A word-for-word copy of the data, pictures excluded, is what this task asks for.

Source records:

== == ==

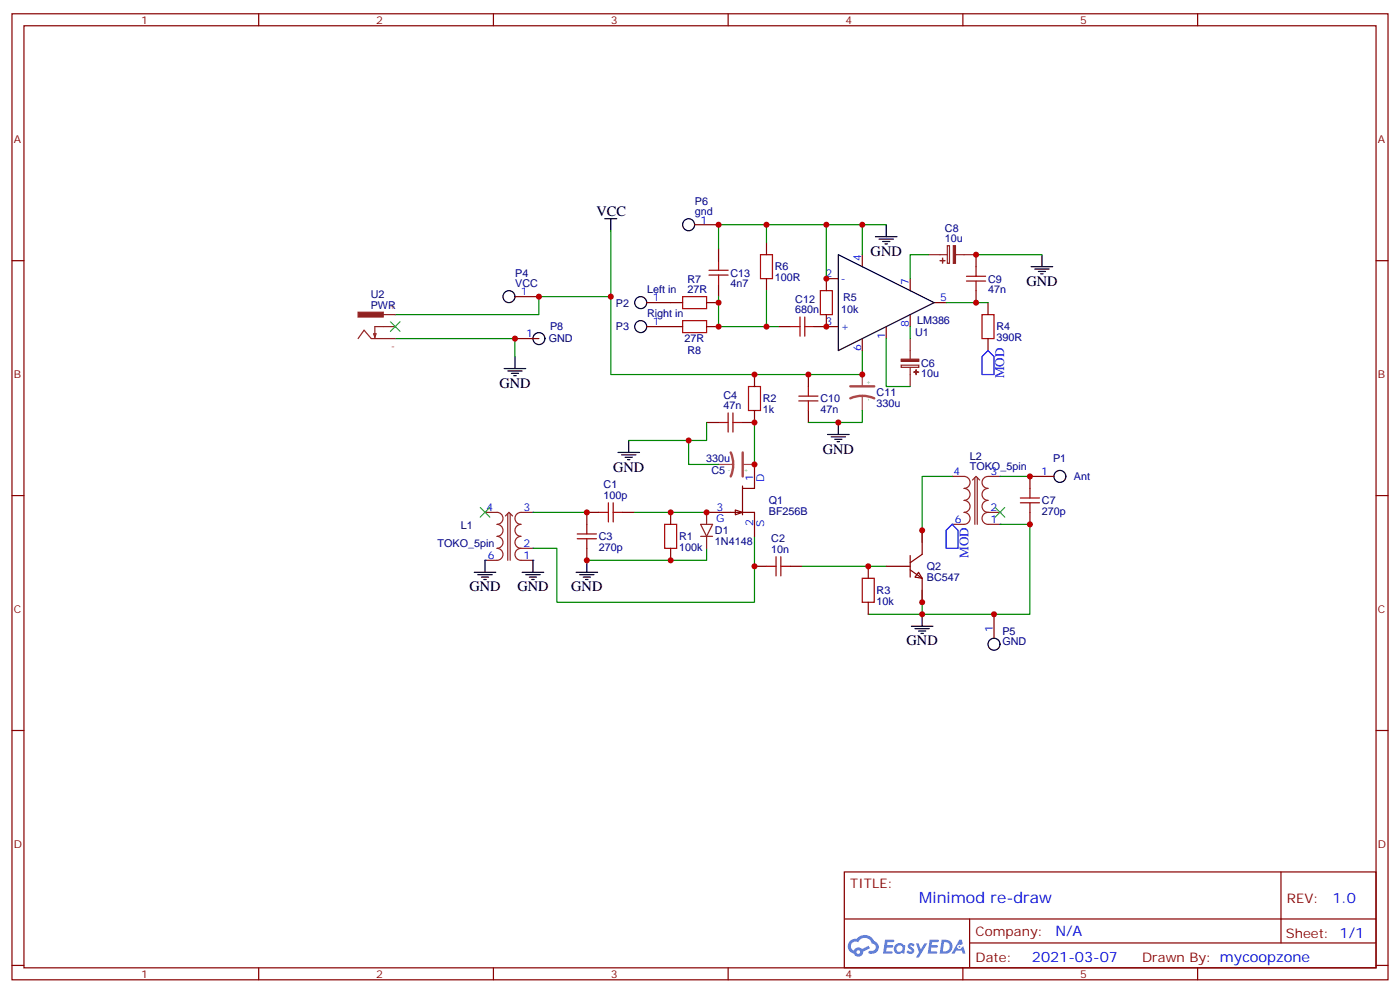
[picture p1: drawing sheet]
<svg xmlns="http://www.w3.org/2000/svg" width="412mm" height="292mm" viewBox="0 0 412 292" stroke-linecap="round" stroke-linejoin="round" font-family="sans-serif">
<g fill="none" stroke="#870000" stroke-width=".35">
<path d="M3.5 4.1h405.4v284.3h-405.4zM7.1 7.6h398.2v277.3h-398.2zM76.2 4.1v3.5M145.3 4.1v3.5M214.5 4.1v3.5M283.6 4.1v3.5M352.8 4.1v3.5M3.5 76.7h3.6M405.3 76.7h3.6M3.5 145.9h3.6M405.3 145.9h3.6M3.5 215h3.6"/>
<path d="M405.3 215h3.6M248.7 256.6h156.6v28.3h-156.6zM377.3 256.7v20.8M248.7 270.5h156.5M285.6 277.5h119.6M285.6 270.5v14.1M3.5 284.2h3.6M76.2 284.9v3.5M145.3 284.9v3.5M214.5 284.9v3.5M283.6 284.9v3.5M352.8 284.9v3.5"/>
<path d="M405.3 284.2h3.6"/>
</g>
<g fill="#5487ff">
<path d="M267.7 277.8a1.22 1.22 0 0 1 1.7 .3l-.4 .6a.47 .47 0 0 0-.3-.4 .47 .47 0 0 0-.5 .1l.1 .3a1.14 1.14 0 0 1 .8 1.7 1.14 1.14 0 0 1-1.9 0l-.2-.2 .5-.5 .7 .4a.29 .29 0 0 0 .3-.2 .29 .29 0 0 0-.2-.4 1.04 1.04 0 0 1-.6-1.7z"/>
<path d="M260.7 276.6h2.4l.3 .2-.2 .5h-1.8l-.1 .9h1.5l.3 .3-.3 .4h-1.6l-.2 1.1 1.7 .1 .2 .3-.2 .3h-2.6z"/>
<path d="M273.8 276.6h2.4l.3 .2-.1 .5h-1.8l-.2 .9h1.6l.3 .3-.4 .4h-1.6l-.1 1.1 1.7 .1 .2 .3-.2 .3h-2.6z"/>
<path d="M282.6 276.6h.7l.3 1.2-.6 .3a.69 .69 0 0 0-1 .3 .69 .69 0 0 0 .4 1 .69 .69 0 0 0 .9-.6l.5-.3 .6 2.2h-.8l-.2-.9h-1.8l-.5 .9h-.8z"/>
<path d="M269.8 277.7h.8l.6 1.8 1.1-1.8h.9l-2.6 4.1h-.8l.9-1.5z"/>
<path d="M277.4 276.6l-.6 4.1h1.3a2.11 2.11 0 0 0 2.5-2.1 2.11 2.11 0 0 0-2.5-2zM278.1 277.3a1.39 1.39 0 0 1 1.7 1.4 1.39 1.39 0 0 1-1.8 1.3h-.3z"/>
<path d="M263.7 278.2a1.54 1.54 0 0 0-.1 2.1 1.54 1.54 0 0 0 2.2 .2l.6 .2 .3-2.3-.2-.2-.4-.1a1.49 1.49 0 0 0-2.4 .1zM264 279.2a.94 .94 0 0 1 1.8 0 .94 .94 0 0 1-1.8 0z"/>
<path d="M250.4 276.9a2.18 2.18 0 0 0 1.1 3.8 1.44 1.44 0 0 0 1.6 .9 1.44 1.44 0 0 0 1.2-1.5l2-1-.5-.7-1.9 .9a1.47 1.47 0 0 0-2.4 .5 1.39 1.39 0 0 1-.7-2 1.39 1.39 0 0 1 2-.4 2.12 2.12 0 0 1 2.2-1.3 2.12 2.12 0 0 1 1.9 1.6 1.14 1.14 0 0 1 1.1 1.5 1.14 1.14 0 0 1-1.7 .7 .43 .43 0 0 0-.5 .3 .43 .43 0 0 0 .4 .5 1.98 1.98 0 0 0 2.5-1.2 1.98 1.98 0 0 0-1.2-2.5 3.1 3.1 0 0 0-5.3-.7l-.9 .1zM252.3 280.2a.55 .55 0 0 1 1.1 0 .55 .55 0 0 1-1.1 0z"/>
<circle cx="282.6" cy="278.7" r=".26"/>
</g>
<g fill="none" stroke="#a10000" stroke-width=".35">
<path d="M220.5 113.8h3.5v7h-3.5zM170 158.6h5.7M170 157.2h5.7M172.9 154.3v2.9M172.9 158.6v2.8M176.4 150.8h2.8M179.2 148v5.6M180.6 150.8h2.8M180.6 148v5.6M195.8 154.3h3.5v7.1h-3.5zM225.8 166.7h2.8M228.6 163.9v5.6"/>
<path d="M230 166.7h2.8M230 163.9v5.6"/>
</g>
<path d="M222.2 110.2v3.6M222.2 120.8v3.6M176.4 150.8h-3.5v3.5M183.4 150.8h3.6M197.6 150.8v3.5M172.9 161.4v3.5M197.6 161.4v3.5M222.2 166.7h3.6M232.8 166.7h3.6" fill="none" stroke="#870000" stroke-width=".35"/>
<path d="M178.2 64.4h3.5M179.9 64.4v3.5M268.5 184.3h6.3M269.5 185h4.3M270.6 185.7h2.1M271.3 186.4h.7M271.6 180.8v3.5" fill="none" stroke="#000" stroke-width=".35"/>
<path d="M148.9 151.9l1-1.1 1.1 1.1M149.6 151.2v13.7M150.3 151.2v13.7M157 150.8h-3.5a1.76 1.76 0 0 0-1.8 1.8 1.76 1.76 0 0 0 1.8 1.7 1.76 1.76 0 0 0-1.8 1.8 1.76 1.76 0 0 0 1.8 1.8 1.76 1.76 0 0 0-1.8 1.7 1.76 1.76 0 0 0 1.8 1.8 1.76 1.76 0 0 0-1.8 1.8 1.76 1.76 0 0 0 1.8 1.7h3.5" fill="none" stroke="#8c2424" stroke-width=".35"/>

== == ==

> [SOLUTION]:
[picture p1: drawing sheet]
<svg xmlns="http://www.w3.org/2000/svg" width="412mm" height="292mm" viewBox="0 0 412 292" stroke-linecap="round" stroke-linejoin="round" font-family="sans-serif">
<g fill="none" stroke="#870000" stroke-width=".35">
<path d="M3.5 4.1h405.4v284.3h-405.4zM7.1 7.6h398.2v277.3h-398.2zM76.2 4.1v3.5M145.3 4.1v3.5M214.5 4.1v3.5M283.6 4.1v3.5M352.8 4.1v3.5M3.5 76.7h3.6M405.3 76.7h3.6M3.5 145.9h3.6M405.3 145.9h3.6M3.5 215h3.6"/>
<path d="M405.3 215h3.6M248.7 256.6h156.6v28.3h-156.6zM377.3 256.7v20.8M248.7 270.5h156.5M285.6 277.5h119.6M285.6 270.5v14.1M3.5 284.2h3.6M76.2 284.9v3.5M145.3 284.9v3.5M214.5 284.9v3.5M283.6 284.9v3.5M352.8 284.9v3.5"/>
<path d="M405.3 284.2h3.6"/>
</g>
<g fill="#5487ff">
<path d="M267.7 277.8a1.22 1.22 0 0 1 1.7 .3l-.4 .6a.47 .47 0 0 0-.3-.4 .47 .47 0 0 0-.5 .1l.1 .3a1.14 1.14 0 0 1 .8 1.7 1.14 1.14 0 0 1-1.9 0l-.2-.2 .5-.5 .7 .4a.29 .29 0 0 0 .3-.2 .29 .29 0 0 0-.2-.4 1.04 1.04 0 0 1-.6-1.7z"/>
<path d="M260.7 276.6h2.4l.3 .2-.2 .5h-1.8l-.1 .9h1.5l.3 .3-.3 .4h-1.6l-.2 1.1 1.7 .1 .2 .3-.2 .3h-2.6z"/>
<path d="M273.8 276.6h2.4l.3 .2-.1 .5h-1.8l-.2 .9h1.6l.3 .3-.4 .4h-1.6l-.1 1.1 1.7 .1 .2 .3-.2 .3h-2.6z"/>
<path d="M282.6 276.6h.7l.3 1.2-.6 .3a.69 .69 0 0 0-1 .3 .69 .69 0 0 0 .4 1 .69 .69 0 0 0 .9-.6l.5-.3 .6 2.2h-.8l-.2-.9h-1.8l-.5 .9h-.8z"/>
<path d="M269.8 277.7h.8l.6 1.8 1.1-1.8h.9l-2.6 4.1h-.8l.9-1.5z"/>
<path d="M277.4 276.6l-.6 4.1h1.3a2.11 2.11 0 0 0 2.5-2.1 2.11 2.11 0 0 0-2.5-2zM278.1 277.3a1.39 1.39 0 0 1 1.7 1.4 1.39 1.39 0 0 1-1.8 1.3h-.3z"/>
<path d="M263.7 278.2a1.54 1.54 0 0 0-.1 2.1 1.54 1.54 0 0 0 2.2 .2l.6 .2 .3-2.3-.2-.2-.4-.1a1.49 1.49 0 0 0-2.4 .1zM264 279.2a.94 .94 0 0 1 1.8 0 .94 .94 0 0 1-1.8 0z"/>
<path d="M250.4 276.9a2.18 2.18 0 0 0 1.1 3.8 1.44 1.44 0 0 0 1.6 .9 1.44 1.44 0 0 0 1.2-1.5l2-1-.5-.7-1.9 .9a1.47 1.47 0 0 0-2.4 .5 1.39 1.39 0 0 1-.7-2 1.39 1.39 0 0 1 2-.4 2.12 2.12 0 0 1 2.2-1.3 2.12 2.12 0 0 1 1.9 1.6 1.14 1.14 0 0 1 1.1 1.5 1.14 1.14 0 0 1-1.7 .7 .43 .43 0 0 0-.5 .3 .43 .43 0 0 0 .4 .5 1.98 1.98 0 0 0 2.5-1.2 1.98 1.98 0 0 0-1.2-2.5 3.1 3.1 0 0 0-5.3-.7l-.9 .1zM252.3 280.2a.55 .55 0 0 1 1.1 0 .55 .55 0 0 1-1.1 0z"/>
<circle cx="282.6" cy="278.7" r=".26"/>
</g>
<g fill="none" stroke="#a10000" stroke-width=".35">
<path d="M220.5 113.8h3.5v7h-3.5zM170 158.6h5.7M170 157.2h5.7M172.9 154.3v2.9M172.9 158.6v2.8M176.4 150.8h2.8M179.2 148v5.6M180.6 150.8h2.8M180.6 148v5.6M195.8 154.3h3.5v7.1h-3.5zM225.8 166.7h2.8M228.6 163.9v5.6"/>
<path d="M230 166.7h2.8M230 163.9v5.6"/>
</g>
<path d="M222.2 110.2v3.6M222.2 120.8v3.6M176.4 150.8h-3.5v3.5M183.4 150.8h3.6M197.6 150.8v3.5M172.9 161.4v3.5M197.6 161.4v3.5M222.2 166.7h3.6M232.8 166.7h3.6" fill="none" stroke="#870000" stroke-width=".35"/>
<path d="M178.2 64.4h3.5M179.9 64.4v3.5M268.5 184.3h6.3M269.5 185h4.3M270.6 185.7h2.1M271.3 186.4h.7M271.6 180.8v3.5" fill="none" stroke="#000" stroke-width=".35"/>
<path d="M148.9 151.9l1-1.1 1.1 1.1M149.6 151.2v13.7M150.3 151.2v13.7M157 150.8h-3.5a1.76 1.76 0 0 0-1.8 1.8 1.76 1.76 0 0 0 1.8 1.7 1.76 1.76 0 0 0-1.8 1.8 1.76 1.76 0 0 0 1.8 1.8 1.76 1.76 0 0 0-1.8 1.7 1.76 1.76 0 0 0 1.8 1.8 1.76 1.76 0 0 0-1.8 1.8 1.76 1.76 0 0 0 1.8 1.7h3.5" fill="none" stroke="#8c2424" stroke-width=".35"/>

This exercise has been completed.